I lurk this sub as a DA who doesn’t work with LLMs. I’ve seen the new executive order on AI in the US, and that the reaction to it is generally negative from the people on this sub.
Can someone explain to me why people in this community and other AI/ML/LLM/CS communities are critical of the Biden’s new executive order on AI?
Basically, what happened was the government said that they wanted greater accountability on models and AI so they added ambiguous requirements that are kind of impossible to enforce all the way, but also create other problems for the current generation of AI.
For example a model must comply by not being a national security threat, and that’s mostly to deal with misinformation, but it’s open ended enough that any model can suddenly become noncompliant with a court order overnight.

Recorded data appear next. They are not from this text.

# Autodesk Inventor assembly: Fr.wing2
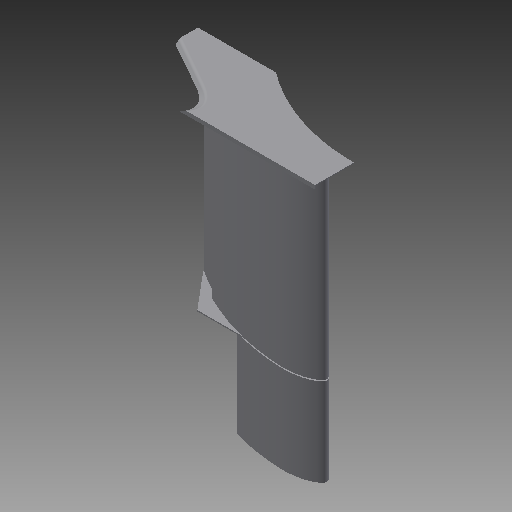
[picture p0: Inventor's stored thumbnail of the model, 512x512]
Saved by Autodesk Inventor 2018.2 (Build 222227000, 227)
## iProperties
Created: 2018-02-26
Part Number: Fr.wing2
Material: 一般
Document SubType Name: Assembly
Designer: ku_sk
Author: ku_sk
## Documents named in this file (7)
- C:\Users\ku_sk\Documents\Inventor\AeroCAD2018\設計\Fr.wing\Fr.wing2.iam
- C:\Users\ku_sk\Documents\Inventor\AeroCAD2018\設計\Fr.wing\parts\endplate3.ipt
- C:\Users\ku_sk\Documents\Inventor\AeroCAD2018\設計\Fr.wing\parts\mainflap3.ipt
- C:\Users\ku_sk\Documents\Inventor\AeroCAD2018\設計\Fr.wing\parts\subflap4.ipt
- C:\Users\ku_sk\Documents\Inventor\AeroCAD2018\設計\Fr.wing\parts\subflap23.ipt
- C:\Users\ku_sk\Documents\Inventor\AeroCAD2018\設計\Fr.wing\parts\bracket3.ipt
- C:\Users\ku_sk\Documents\Inventor\AeroCAD2018\設計\Fr.wing\parts\mainflapcenter3.ipt
## Components (6 placed, 6 different names)
1. endplate3:1 — メイト:1, メイト:2, メイト:4, メイト:5
2. mainflap3:1 — メイト:2, 角度:1, メイト:6, メイト:8
3. subflap4:1 — メイト:4, 角度:2
4. subflap23:1 — 角度:2, 角度:1, メイト:5
5. bracket3:1 — メイト:6, メイト:7
6. mainflapcenter3:1 — メイト:8, メイト:7
## Relationships (9: Mate 6, Angle 2, Flush 1)
- メイト:1 [Flush]: endplate3:1
- メイト:2 [Mate]: endplate3:1 ↔ mainflap3:1
- メイト:4 [Mate]: endplate3:1 ↔ subflap4:1
- 角度:2 [Angle] (-15 deg): subflap4:1 ↔ subflap23:1
- 角度:1 [Angle] (-15 deg): mainflap3:1 ↔ subflap23:1
- メイト:5 [Mate]: endplate3:1 ↔ subflap23:1
- メイト:6 [Mate]: mainflap3:1 ↔ bracket3:1
- メイト:8 [Mate]: mainflap3:1 ↔ mainflapcenter3:1
- メイト:7 [Mate]: bracket3:1 ↔ mainflapcenter3:1
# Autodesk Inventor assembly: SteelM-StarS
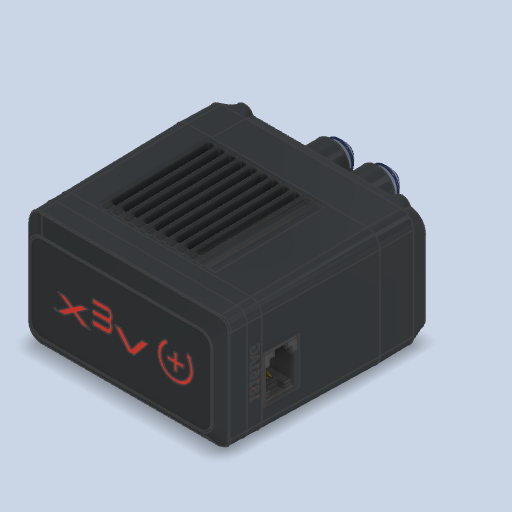
[picture p0: Inventor's stored thumbnail of the model, 512x512]
Saved by Autodesk Inventor 2026 (Build 300175000, 175)
## iProperties
Created: 2022-08-18
Part Number: SteelM-StarS
Document SubType Name: Assembly
Designer: avere
Author: ylu12
## Documents named in this file (4)
- C:\Users\avere\OneDrive\Documents\VEX-CAD\V5-CAD\drivetrain\Drivebay Right\SteelM-StarS.iam
- C:\Users\avere\OneDrive\Documents\VEX-CAD\V5-CAD\drivetrain\Drivebay Right\V5 Motor.ipt
- C:\Users\avere\OneDrive\Documents\VEX-CAD\VEX-CAD-Inventor\Structure\Hardware\Screw Steel - Star\SScrew Star Smooth .500.ipt
- C:\Users\avere\OneDrive\Documents\VEX-CAD\VEX-CAD-Inventor\Structure\Hardware\Screw Steel - Star.ipt
## Components (3 placed, 2 different names)
1. V5 Motor:1
2. SScrew Star Smooth .500:1
3. SScrew Star Smooth .500:2
## Named parameters: Thickness = 1.1938 mm
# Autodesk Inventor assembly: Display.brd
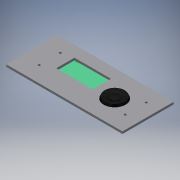
[picture p0: Inventor's stored thumbnail of the model, 180x180]
Saved by Autodesk Inventor 2017.3 (Build 213256000, 256)
## iProperties
Part Number: Display.brd
Material: Generisch
Document SubType Name: Assembly
Designer: Nils
Author: Nils
## Documents named in this file (14)
- C:\Users\Nils\Documents\GitHub\Eurobot2018\Hardware\Display\3D\Display.brd.iam
- C:\Users\Nils\Documents\GitHub\Eurobot2018\Hardware\Display\3D\Display.brd_Kontur.ipt
- C:\Users\Nils\Documents\GitHub\Eurobot2018\Hardware\Display\3D\C0805K, C0805K_1.ipt
- C:\Users\Nils\Documents\GitHub\Eurobot2018\Hardware\Display\3D\ML6, ML6_17.ipt
- C:\Users\Nils\Documents\GitHub\Eurobot2018\Hardware\Display\3D\TQFP32-08, MEGA8-AI_19.ipt
- C:\Users\Nils\Documents\GitHub\Eurobot2018\Hardware\Display\3D\SOT223, REG1117_21.ipt
- C:\Users\Nils\Documents\GitHub\Eurobot2018\Hardware\Display\3D\SOT23, 2N7002_26.ipt
- C:\Users\Nils\Documents\GitHub\Eurobot2018\Hardware\Display\3D\HC49UP, Q3_HC49UP_29.ipt
- C:\Users\Nils\Documents\GitHub\Eurobot2018\Hardware\Display\3D\R0805, R0805_32.ipt
- C:\Users\Nils\Documents\GitHub\Eurobot2018\Hardware\Display\3D\0207_10, 0207_10_37.ipt
- C:\Users\Nils\Documents\GitHub\Eurobot2018\Hardware\Display\3D\LCD-128X64BK_AG, LCD-128X64BK_AG_48.ipt
- C:\Users\Nils\Documents\GitHub\Eurobot2018\Hardware\Display\3D\70597241-9-module_5gth935_1z09136118_4x5eth935\module_5gth935_1z09136118_4x5eth935.iam
- C:\Users\Nils\Documents\GitHub\Eurobot2018\Hardware\Display\3D\Ausschnitt.ipt
- C:\Users\Nils\Documents\GitHub\Eurobot2018\Hardware\Display\3D\LCD-Halterung.ipt
## Components (31 placed, 31 different names)
1. Display.brd_Kontur:1 — Passend:1, Fluchtend:1, Fluchtend:2, Fluchtend:5
2. C1_2
3. C2_3
4. C3_4
5. C4_5
6. C5_6
7. C6_7
8. C7_8
9. C8_9
10. C9_10
11. C10_11
12. C11_12
13. C13_14
14. I2C_18
15. IC1_20
16. IC2_22
17. ISP_23
18. Q1_27
19. Q2_28
20. Q3_30
21. Q4_31
22. R1_33
23. R2_34
24. R3_35
25. R4_36
26. R5_38
27. R6_39
28. U_1_49 — Fluchtend:3
29. module_5gth935_1z09136118_4x5eth935:1 [sub-assembly] — Passend:1, Fluchtend:1, Fluchtend:2
30. Ausschnitt:1 — Fluchtend:3, Fluchtend:4
31. LCD-Halterung:1 — Fluchtend:4, Fluchtend:5
## Relationships (6: Flush 5, Mate 1)
- Passend:1 [Mate]: Display.brd_Kontur:1 ↔ module_5gth935_1z09136118_4x5eth935:1
- Fluchtend:1 [Flush] (19.03 mm): Display.brd_Kontur:1 ↔ module_5gth935_1z09136118_4x5eth935:1
- Fluchtend:2 [Flush] (19.05 mm): Display.brd_Kontur:1 ↔ module_5gth935_1z09136118_4x5eth935:1
- Fluchtend:3 [Flush]: U_1_49 ↔ Ausschnitt:1
- Fluchtend:4 [Flush]: Ausschnitt:1 ↔ LCD-Halterung:1
- Fluchtend:5 [Flush]: Display.brd_Kontur:1 ↔ LCD-Halterung:1
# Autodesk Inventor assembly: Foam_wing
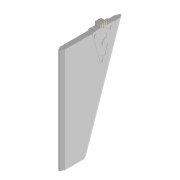
[picture p0: Inventor's stored thumbnail of the model, 180x180]
Saved by Autodesk Inventor 2022 (Build 260153000, 153)
## iProperties
Created: 2022-06-29
Part Number: Foam_wing
Document SubType Name: Assembly
Designer: dell
Author: dell
## Documents named in this file (6)
- D:\xxxx\Uni\Part IV\MECHENG_700\Part_IV_project_CAD\Bird_skeleton_prototypes\Wing_drone_V1\Foam_wing\Foam_wing.iam
- D:\xxxx\Uni\Part IV\MECHENG_700\Part_IV_project_CAD\Bird_skeleton_prototypes\Wing_drone_V1\Foam_wing\Foam_wing_mount.ipt
- D:\xxxx\Uni\Part IV\MECHENG_700\Part_IV_project_CAD\Bird_skeleton_prototypes\Wing_drone_V1\Foam_wing\Foam_wing_mount_clamp.ipt
- D:\xxxx\Uni\Part IV\MECHENG_700\Part_IV_project_CAD\Bird_skeleton_prototypes\Wing_drone_V1\Foam_wing\Foam_wing_mount_bolt.ipt
- D:\xxxx\Uni\Part IV\MECHENG_700\Part_IV_project_CAD\Bird_skeleton_prototypes\Wing_drone_V1\Foam_wing\Foam_wing_mount_washer.ipt
- D:\xxxx\Uni\Part IV\MECHENG_700\Part_IV_project_CAD\Bird_skeleton_prototypes\Wing_drone_V1\Foam_wing\Foam_wing_V2.ipt
## Components (12 placed, 5 different names)
1. Foam_wing_mount:1 — Mate:2, Mate:3, Mate:4, Mate:5, Mate:6, Mate:7, Mate:26, Mate:28
2. Foam_wing_mount_clamp:1 — Mate:2, Mate:3, Mate:4, Mate:16, Mate:20, Mate:24, Mate:27
3. Foam_wing_mount_clamp:2 — Mate:5, Mate:6, Mate:7, Mate:12, Mate:15, Mate:19, Mate:23
4. Foam_wing_mount_bolt:1 — Mate:9, Mate:12, Mate:13
5. Foam_wing_mount_bolt:2 — Mate:15, Mate:17
6. Foam_wing_mount_bolt:3 — Mate:23, Mate:25
7. Foam_wing_mount_bolt:4 — Mate:19, Mate:21
8. Foam_wing_mount_washer:2 — Mate:9, Mate:13
9. Foam_wing_mount_washer:3 — Mate:20, Mate:21
10. Foam_wing_mount_washer:4 — Mate:24, Mate:25
11. Foam_wing_mount_washer:5 — Mate:16, Mate:17
12. Foam_wing_V2:3 — Mate:26, Mate:27, Mate:28
## Relationships (21: Mate 21)
- Mate:2: Foam_wing_mount:1 ↔ Foam_wing_mount_clamp:1
- Mate:3: Foam_wing_mount:1 ↔ Foam_wing_mount_clamp:1
- Mate:4: Foam_wing_mount:1 ↔ Foam_wing_mount_clamp:1
- Mate:5: Foam_wing_mount:1 ↔ Foam_wing_mount_clamp:2
- Mate:6: Foam_wing_mount:1 ↔ Foam_wing_mount_clamp:2
- Mate:7: Foam_wing_mount:1 ↔ Foam_wing_mount_clamp:2
- Mate:9: Foam_wing_mount_bolt:1 ↔ Foam_wing_mount_washer:2
- Mate:12: Foam_wing_mount_clamp:2 ↔ Foam_wing_mount_bolt:1
- Mate:13: Foam_wing_mount_bolt:1 ↔ Foam_wing_mount_washer:2
- Mate:15: Foam_wing_mount_clamp:2 ↔ Foam_wing_mount_bolt:2
- Mate:16: Foam_wing_mount_clamp:1 ↔ Foam_wing_mount_washer:5
- Mate:17: Foam_wing_mount_bolt:2 ↔ Foam_wing_mount_washer:5
- Mate:19: Foam_wing_mount_clamp:2 ↔ Foam_wing_mount_bolt:4
- Mate:20: Foam_wing_mount_clamp:1 ↔ Foam_wing_mount_washer:3
- Mate:21: Foam_wing_mount_bolt:4 ↔ Foam_wing_mount_washer:3
- Mate:23: Foam_wing_mount_clamp:2 ↔ Foam_wing_mount_bolt:3
- Mate:24: Foam_wing_mount_clamp:1 ↔ Foam_wing_mount_washer:4
- Mate:25: Foam_wing_mount_bolt:3 ↔ Foam_wing_mount_washer:4
- Mate:26: Foam_wing_mount:1 ↔ Foam_wing_V2:3
- Mate:27: Foam_wing_mount_clamp:1 ↔ Foam_wing_V2:3
- Mate:28 (-240 mm): Foam_wing_mount:1 ↔ Foam_wing_V2:3
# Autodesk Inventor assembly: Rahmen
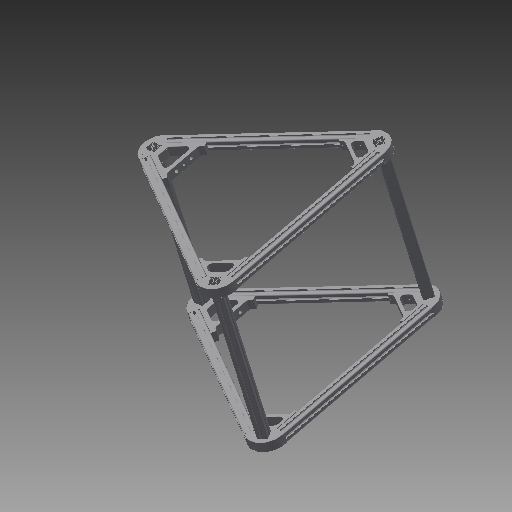
[picture p0: Inventor's stored thumbnail of the model, 512x512]
Saved by Autodesk Inventor 2019 (Build 230136000, 136)
## iProperties
Created: 2018-08-17
Part Number: Rahmen
Document SubType Name: Assembly
Designer: Julia
Author: Julia
## Documents named in this file (4)
- C:\Users\Julia\Documents\Inventor\3D_Drucker_v01\Rahmen.iam
- C:\Users\Julia\Documents\Inventor\3D_Drucker_v01\Profil_Winkel.ipt
- C:\Users\Julia\Documents\Inventor\3D_Drucker_v01\Alu_Proil_40.ipt
- C:\Users\Julia\Documents\Inventor\3D_Drucker_v01\Profil_Winkel_oben.ipt
## Components (15 placed, 3 different names)
1. Alu_Proil_40:1 — Mate:7, Mate:8, Mate:31, Mate:32
2. Alu_Proil_40:2 — Mate:5, Mate:6, Mate:33
3. Profil_Winkel:2 — Mate:5, Mate:6, Mate:10, Mate:11, Mate:29, Mate:30, Flush:4
4. Profil_Winkel:3 — Mate:7, Mate:8, Mate:9, Mate:25, Mate:26, Mate:31
5. Alu_Proil_40:3 — Mate:9, Mate:10, Mate:11
6. Alu_Proil_40:4 — Mate:35, Mate:36
7. Alu_Proil_40:5 — Mate:34
8. Profil_Winkel:5
9. Profil_Winkel:6 — Mate:23, Mate:24, Flush:3, Mate:35
10. Alu_Proil_40:6
11. Alu_Proil_40:7 — Mate:23, Mate:24, Mate:25, Mate:26, Flush:3
12. Alu_Proil_40:8 — Mate:37
13. Alu_Proil_40:9 — Mate:29, Mate:30, Flush:4
14. Profil_Winkel_oben:1 — Mate:32, Mate:33
15. Profil_Winkel_oben:2 — Mate:34, Mate:36, Mate:37
## Relationships (29: Mate 27, Flush 2)
- Mate:5: Alu_Proil_40:2 ↔ Profil_Winkel:2
- Mate:6: Alu_Proil_40:2 ↔ Profil_Winkel:2
- Mate:7: Alu_Proil_40:1 ↔ Profil_Winkel:3
- Mate:8: Alu_Proil_40:1 ↔ Profil_Winkel:3
- Mate:9: Profil_Winkel:3 ↔ Alu_Proil_40:3
- Mate:10: Profil_Winkel:2 ↔ Alu_Proil_40:3
- Mate:11: Profil_Winkel:2 ↔ Alu_Proil_40:3
- [Mate]: Alu_Proil_40:5 ↔ Profil_Winkel:5
- [Mate]: Alu_Proil_40:5 ↔ Profil_Winkel:5
- [Mate]: Alu_Proil_40:4 ↔ Profil_Winkel:6
- [Mate]: Alu_Proil_40:4 ↔ Profil_Winkel:6
- [Mate]: Profil_Winkel:6 ↔ Alu_Proil_40:6
- [Mate]: Profil_Winkel:5 ↔ Alu_Proil_40:6
- [Mate]: Profil_Winkel:5 ↔ Alu_Proil_40:6
- Mate:23: Profil_Winkel:6 ↔ Alu_Proil_40:7
- Mate:24: Profil_Winkel:6 ↔ Alu_Proil_40:7
- Mate:25: Profil_Winkel:3 ↔ Alu_Proil_40:7
- Mate:26: Profil_Winkel:3 ↔ Alu_Proil_40:7
- Flush:3: Profil_Winkel:6 ↔ Alu_Proil_40:7
- Mate:29: Profil_Winkel:2 ↔ Alu_Proil_40:9
- Mate:30: Profil_Winkel:2 ↔ Alu_Proil_40:9
- Flush:4: Profil_Winkel:2 ↔ Alu_Proil_40:9
- Mate:31: Alu_Proil_40:1 ↔ Profil_Winkel:3
- Mate:32: Alu_Proil_40:1 ↔ Profil_Winkel_oben:1
- Mate:33: Alu_Proil_40:2 ↔ Profil_Winkel_oben:1
- Mate:34: Alu_Proil_40:5 ↔ Profil_Winkel_oben:2
- Mate:35: Alu_Proil_40:4 ↔ Profil_Winkel:6
- Mate:36: Alu_Proil_40:4 ↔ Profil_Winkel_oben:2
- Mate:37: Alu_Proil_40:8 ↔ Profil_Winkel_oben:2
## Named parameters: d12_d4 = 0 mm, d13_d5 = 0 mm, d14_d6 = 0 mm, d15_d7 = 0 mm, d16_d8 = 0 mm, d17_d9 = 0 mm, d18_d10 = 0 mm

Citations are a big one that people don’t like but I actually like it because I feel like the models should be able to tell where they got the data from, to limit hallucinations. It’s just not something that the current technical frameworks really make easy or even possible because the training process itself is designed to make this impossible in most cases; companies don’t like it because it gets rid of the ambiguity that they previously had on the data said that they were using in brings to light the fact that now companies that make these models have to explicitly, make sure that every single bit of data they use for training allows them to do so it is something that they can see is OK being presented as a citation.
This brings back all the intellectual property stuff that is currently being ignored by the groups that are going around and stealing data for training; it also cuts the shadow elements out of the market and they don’t like that but I think it’s a good thing.
Most of the people that are complaining about this are just angry because they understand this also widens the moat, while at the same time directly harms openAI as the current incumbent that does not use citations the correct way.